Thomson Reuters Global Diversity and Inclusion Index

Being social responsible can boost a company’s image and build its trend the effect is that
customers trust them more and value them more as a company and likewise this business practice
empowers employees to use corporate resources for better results. 4 pillars are:

1. Diversity
2. Inclusion
3. News & Controversies
4. People Development.

Corruption in the Global Marketplace

We define corruption as the abuse of entrusted power for private gain. Corruption erodes trust,
weakens democracy, hampers economic development and further exacerbates inequality, poverty,
social division and the environmental crisis. Exposing corruption and holding the corrupt to account can
only happen if we understand the way corruption works and the system enable it.

International Business Corruption

Common Forms of Corruption in the Global Marketplace

1. SMUGGLING - The illegal trade and transportation of goods devised to circumvent customs
duties & taxes.
2. MONEY LAUNDERING - Involves concealing the original source of ill-gotten funds by channeling
them into legitimate business activities and bank deposits in other countries. The process of
money laundering involves three stages: Placement, Layering and Integration
3. PIRACY AND COUNTERFEITING - Piracy is the unauthorized duplication of copyrighted content
with the intent of selling at a substantially lower price while Counterfeiting goes a step beyond
piracy and attempts to pass the copied product as an original.
4. BRIBERY - The offering/giving of any item that is of value with the intent of influencing actions.

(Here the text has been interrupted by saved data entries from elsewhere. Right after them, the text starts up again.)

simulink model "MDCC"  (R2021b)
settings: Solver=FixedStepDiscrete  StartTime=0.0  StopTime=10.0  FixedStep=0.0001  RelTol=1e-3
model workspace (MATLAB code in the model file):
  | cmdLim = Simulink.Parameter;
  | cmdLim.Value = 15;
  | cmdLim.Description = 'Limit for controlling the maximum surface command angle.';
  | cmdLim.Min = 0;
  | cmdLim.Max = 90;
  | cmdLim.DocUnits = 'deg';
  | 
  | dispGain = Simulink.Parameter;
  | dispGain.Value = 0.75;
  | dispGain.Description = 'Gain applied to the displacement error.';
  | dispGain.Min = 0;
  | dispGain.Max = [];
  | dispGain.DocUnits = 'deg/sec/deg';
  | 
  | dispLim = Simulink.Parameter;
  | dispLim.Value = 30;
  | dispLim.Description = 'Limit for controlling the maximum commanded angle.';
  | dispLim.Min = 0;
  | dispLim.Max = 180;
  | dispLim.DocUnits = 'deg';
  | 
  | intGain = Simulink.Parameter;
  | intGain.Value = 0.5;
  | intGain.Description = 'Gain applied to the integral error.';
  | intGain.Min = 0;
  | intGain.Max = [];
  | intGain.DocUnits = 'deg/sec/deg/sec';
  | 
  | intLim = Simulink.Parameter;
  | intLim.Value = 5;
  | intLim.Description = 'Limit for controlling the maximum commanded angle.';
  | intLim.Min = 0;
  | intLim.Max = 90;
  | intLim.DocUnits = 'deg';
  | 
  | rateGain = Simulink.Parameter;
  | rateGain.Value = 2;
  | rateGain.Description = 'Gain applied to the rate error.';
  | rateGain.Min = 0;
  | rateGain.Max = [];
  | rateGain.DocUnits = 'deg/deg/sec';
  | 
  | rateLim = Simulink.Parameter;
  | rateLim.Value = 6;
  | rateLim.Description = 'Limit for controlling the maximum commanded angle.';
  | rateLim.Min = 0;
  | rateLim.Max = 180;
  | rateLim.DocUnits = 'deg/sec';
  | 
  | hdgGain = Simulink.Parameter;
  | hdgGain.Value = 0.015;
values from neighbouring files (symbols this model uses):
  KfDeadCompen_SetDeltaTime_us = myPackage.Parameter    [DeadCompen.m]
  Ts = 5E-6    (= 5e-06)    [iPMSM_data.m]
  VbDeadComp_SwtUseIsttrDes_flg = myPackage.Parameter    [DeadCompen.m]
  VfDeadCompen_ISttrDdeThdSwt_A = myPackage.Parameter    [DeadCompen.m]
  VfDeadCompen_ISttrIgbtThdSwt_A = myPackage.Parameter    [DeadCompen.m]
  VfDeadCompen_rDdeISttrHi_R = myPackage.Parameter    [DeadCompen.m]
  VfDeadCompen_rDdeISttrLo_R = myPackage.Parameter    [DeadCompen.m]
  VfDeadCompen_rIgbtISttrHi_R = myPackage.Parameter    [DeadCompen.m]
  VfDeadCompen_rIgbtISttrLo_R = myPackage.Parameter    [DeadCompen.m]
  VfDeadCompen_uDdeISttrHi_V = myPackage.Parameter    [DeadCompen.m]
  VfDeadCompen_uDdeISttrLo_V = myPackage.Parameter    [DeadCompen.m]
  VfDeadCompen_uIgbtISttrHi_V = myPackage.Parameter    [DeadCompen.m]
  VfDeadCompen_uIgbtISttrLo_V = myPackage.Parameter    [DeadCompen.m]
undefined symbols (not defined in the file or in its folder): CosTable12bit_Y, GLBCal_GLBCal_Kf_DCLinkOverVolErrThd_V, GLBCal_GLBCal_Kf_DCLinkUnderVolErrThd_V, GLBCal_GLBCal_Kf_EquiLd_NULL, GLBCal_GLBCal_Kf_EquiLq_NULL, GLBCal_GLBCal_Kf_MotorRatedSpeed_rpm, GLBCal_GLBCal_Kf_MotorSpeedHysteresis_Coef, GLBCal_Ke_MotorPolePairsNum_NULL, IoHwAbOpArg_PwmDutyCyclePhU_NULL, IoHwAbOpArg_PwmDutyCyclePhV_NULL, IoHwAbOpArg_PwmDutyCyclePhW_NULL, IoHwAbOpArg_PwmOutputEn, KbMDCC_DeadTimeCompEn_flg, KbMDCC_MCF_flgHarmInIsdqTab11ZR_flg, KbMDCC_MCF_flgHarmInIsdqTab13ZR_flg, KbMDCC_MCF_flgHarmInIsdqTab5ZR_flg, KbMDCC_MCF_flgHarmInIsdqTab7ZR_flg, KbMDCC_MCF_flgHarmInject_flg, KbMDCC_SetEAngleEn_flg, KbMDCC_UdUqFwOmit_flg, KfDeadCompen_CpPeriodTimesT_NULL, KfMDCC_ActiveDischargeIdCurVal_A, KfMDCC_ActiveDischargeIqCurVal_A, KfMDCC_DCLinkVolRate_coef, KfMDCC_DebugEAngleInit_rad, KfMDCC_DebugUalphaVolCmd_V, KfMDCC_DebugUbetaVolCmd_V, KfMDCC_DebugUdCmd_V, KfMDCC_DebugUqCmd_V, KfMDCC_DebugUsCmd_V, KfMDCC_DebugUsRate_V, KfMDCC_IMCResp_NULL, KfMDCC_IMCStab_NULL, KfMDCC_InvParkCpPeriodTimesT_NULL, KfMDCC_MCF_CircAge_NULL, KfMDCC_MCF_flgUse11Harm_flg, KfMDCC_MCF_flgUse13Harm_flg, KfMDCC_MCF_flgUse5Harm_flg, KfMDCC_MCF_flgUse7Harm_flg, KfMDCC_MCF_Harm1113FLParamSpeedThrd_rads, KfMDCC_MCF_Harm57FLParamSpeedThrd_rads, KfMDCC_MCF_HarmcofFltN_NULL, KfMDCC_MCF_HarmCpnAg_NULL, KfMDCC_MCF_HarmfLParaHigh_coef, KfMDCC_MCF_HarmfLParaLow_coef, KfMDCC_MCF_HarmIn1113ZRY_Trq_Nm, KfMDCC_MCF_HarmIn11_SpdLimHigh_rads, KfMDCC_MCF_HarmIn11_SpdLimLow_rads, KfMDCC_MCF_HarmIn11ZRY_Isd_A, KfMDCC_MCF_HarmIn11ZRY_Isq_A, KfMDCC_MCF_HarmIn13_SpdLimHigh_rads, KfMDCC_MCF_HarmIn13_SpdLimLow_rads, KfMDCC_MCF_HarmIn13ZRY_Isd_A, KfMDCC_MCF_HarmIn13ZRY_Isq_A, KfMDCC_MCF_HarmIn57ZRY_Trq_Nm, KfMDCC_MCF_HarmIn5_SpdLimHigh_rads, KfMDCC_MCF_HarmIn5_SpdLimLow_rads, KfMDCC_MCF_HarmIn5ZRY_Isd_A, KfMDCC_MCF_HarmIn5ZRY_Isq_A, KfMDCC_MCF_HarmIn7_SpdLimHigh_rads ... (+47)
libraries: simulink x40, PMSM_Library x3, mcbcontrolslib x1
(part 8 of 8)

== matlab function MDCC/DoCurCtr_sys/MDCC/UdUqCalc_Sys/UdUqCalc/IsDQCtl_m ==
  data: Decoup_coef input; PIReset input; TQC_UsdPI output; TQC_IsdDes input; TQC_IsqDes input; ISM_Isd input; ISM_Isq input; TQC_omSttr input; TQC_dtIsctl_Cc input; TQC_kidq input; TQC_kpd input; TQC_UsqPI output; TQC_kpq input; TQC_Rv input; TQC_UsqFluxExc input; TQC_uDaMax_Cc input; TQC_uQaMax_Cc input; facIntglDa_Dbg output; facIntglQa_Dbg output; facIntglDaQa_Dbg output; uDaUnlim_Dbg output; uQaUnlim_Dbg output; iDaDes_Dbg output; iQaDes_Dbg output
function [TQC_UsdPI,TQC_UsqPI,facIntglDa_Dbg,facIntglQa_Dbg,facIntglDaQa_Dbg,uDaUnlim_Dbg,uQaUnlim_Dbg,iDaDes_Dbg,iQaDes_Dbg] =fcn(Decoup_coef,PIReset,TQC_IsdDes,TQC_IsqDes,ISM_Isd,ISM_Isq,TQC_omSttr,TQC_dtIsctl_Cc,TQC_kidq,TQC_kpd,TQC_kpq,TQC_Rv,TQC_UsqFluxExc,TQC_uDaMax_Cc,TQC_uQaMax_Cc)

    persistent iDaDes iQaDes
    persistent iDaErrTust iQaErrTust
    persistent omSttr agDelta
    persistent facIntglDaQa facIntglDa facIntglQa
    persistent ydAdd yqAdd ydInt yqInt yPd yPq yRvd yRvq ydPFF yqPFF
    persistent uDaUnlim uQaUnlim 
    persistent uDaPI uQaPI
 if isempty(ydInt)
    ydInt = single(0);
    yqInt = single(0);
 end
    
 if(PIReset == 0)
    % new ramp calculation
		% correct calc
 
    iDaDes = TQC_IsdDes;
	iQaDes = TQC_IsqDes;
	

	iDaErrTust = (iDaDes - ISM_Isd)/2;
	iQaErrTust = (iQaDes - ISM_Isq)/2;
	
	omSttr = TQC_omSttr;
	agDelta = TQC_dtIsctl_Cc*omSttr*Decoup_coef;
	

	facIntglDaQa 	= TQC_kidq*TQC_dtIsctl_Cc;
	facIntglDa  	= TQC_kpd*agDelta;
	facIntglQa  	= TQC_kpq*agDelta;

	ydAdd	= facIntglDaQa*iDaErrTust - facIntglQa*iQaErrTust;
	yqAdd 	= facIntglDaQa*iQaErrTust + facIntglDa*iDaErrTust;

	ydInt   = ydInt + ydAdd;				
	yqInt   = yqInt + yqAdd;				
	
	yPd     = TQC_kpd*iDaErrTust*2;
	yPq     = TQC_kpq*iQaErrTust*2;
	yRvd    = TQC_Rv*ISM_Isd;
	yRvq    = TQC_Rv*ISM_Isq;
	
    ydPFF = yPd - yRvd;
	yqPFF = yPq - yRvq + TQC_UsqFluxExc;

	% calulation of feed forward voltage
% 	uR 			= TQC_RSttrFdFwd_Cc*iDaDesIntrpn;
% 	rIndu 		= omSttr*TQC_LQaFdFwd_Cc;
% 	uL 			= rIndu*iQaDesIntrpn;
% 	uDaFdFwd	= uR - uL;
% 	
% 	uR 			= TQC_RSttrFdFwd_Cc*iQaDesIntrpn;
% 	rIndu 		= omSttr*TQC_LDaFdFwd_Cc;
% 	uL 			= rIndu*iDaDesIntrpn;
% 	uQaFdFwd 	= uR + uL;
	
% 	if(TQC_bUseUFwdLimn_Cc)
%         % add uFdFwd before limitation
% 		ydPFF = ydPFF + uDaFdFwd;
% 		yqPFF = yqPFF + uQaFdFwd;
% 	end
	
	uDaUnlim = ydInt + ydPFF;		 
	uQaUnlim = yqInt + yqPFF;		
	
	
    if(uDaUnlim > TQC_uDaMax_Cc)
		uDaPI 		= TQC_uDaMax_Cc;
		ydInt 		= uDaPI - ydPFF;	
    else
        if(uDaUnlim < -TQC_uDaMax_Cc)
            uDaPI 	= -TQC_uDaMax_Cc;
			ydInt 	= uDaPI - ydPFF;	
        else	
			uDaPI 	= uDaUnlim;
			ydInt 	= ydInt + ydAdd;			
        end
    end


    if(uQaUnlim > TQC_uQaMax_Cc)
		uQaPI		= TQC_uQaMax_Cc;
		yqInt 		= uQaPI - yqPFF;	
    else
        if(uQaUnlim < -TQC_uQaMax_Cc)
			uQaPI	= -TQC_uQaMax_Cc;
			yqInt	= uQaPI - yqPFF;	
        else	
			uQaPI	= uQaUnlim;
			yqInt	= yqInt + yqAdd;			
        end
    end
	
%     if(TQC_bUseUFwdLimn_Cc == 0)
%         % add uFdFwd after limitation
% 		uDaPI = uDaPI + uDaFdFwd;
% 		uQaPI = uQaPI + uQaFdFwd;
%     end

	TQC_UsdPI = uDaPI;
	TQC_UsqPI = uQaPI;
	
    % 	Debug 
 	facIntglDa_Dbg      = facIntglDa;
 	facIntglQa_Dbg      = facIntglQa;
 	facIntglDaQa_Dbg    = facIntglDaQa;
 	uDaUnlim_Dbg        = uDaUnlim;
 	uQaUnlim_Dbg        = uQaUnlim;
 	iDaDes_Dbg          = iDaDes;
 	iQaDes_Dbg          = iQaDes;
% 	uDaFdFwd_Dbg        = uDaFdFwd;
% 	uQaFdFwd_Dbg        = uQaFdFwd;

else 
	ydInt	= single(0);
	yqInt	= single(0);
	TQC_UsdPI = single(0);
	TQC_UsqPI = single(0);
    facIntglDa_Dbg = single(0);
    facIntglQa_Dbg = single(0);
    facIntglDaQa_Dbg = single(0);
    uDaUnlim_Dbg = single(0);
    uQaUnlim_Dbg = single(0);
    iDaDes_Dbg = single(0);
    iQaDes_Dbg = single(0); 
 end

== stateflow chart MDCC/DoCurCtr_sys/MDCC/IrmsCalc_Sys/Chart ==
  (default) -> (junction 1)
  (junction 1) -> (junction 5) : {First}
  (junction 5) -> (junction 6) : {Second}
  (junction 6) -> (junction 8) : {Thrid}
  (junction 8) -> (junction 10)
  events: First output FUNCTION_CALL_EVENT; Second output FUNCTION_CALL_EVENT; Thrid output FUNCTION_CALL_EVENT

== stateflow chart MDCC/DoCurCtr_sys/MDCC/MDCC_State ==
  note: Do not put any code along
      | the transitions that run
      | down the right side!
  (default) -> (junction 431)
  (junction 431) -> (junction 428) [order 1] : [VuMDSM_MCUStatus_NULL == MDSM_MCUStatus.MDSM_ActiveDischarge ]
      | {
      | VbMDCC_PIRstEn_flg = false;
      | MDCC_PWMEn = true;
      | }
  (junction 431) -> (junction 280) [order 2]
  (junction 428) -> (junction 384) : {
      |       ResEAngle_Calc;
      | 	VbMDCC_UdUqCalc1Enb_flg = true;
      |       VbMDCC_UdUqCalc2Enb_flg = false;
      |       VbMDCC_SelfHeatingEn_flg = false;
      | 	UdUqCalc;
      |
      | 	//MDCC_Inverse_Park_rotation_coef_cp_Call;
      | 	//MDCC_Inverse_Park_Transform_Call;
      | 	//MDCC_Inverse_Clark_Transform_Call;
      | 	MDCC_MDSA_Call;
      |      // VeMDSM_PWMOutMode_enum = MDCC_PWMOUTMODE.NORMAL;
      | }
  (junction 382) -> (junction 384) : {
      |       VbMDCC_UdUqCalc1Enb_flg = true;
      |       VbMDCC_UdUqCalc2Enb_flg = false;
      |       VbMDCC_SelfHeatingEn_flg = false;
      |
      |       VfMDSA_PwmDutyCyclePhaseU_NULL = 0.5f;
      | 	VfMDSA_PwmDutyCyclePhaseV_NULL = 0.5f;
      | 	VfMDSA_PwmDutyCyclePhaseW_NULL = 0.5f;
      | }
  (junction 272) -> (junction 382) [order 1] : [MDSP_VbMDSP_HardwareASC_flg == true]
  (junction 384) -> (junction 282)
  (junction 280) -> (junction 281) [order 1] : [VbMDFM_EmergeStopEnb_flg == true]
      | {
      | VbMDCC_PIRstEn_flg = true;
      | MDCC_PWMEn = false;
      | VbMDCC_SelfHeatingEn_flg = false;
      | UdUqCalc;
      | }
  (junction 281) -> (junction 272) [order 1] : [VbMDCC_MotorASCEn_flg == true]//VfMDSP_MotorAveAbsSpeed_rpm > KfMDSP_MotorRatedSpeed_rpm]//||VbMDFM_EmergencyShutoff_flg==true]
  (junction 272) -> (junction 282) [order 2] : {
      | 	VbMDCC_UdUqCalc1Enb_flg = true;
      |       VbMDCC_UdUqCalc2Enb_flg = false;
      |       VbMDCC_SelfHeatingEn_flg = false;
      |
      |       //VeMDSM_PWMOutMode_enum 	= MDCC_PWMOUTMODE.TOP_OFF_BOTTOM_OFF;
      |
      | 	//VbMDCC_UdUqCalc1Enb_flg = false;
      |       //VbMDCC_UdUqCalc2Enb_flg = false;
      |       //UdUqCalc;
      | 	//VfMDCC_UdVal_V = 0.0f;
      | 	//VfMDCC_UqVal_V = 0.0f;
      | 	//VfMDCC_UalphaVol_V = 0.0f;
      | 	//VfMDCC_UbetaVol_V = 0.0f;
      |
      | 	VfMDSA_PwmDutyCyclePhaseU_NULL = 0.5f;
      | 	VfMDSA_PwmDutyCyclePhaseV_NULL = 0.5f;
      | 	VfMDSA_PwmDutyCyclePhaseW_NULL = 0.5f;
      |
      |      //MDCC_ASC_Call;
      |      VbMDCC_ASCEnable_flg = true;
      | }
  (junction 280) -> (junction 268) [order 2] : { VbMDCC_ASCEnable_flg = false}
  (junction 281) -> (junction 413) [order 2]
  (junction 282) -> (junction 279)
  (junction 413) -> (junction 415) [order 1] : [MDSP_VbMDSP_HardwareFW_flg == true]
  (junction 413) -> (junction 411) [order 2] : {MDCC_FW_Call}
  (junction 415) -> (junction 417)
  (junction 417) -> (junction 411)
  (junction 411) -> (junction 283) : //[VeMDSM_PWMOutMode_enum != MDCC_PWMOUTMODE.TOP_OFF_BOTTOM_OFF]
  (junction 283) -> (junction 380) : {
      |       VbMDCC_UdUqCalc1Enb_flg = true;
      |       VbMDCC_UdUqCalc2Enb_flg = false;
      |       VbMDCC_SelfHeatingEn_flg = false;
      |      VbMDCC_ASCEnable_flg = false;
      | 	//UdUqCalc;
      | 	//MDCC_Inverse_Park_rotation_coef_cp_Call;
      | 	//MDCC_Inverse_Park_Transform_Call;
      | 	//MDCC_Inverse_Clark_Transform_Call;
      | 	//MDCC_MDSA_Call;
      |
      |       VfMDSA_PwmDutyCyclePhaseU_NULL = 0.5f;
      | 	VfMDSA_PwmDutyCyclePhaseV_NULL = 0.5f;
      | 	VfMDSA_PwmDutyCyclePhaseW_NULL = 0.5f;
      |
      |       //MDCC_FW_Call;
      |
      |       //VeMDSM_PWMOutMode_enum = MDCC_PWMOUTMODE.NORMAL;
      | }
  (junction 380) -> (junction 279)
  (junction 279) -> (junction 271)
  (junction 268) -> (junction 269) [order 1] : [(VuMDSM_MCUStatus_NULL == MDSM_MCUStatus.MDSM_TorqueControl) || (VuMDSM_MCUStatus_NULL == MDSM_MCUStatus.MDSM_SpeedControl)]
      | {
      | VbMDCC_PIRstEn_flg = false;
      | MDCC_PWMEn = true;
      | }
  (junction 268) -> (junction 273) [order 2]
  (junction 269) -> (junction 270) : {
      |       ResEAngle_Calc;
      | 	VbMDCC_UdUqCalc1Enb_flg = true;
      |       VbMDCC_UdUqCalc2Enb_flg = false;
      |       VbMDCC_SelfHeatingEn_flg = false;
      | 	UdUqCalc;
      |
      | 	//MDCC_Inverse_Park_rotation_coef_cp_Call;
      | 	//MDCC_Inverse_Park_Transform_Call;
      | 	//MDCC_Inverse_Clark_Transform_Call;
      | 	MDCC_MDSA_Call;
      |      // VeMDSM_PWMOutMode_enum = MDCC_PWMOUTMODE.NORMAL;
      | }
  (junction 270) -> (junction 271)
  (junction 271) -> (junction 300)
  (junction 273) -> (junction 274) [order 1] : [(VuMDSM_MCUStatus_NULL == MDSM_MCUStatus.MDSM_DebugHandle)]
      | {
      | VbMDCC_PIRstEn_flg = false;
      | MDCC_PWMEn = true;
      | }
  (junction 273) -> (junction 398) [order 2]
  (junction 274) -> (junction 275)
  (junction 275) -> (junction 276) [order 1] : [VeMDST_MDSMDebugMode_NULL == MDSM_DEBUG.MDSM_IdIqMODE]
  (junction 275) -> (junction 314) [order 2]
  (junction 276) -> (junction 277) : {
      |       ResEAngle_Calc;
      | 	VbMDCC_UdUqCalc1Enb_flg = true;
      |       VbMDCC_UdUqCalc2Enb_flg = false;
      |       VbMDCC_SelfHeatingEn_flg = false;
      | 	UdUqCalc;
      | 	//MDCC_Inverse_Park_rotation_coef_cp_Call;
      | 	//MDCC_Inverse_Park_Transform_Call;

The Global Cost of Corruption

Corruption costs at least $2 trillion worldwide every year-world economic forum

Transparency International

In 1993 retired World Bank official Peter Egen and his allies founded transparency international
to tackle corruption due to his experiences in Africa. “We have one vision, a world free of corruption”
Our global movement works in over 100 countries to end the injustice of corruption by promoting
transparency, accountability and integrity

Corruption Perceptions Index (CPI)

CPI is the global leading indicator of public sector corruption and provides an annual report of
the relative degree of corruption in 180 countries.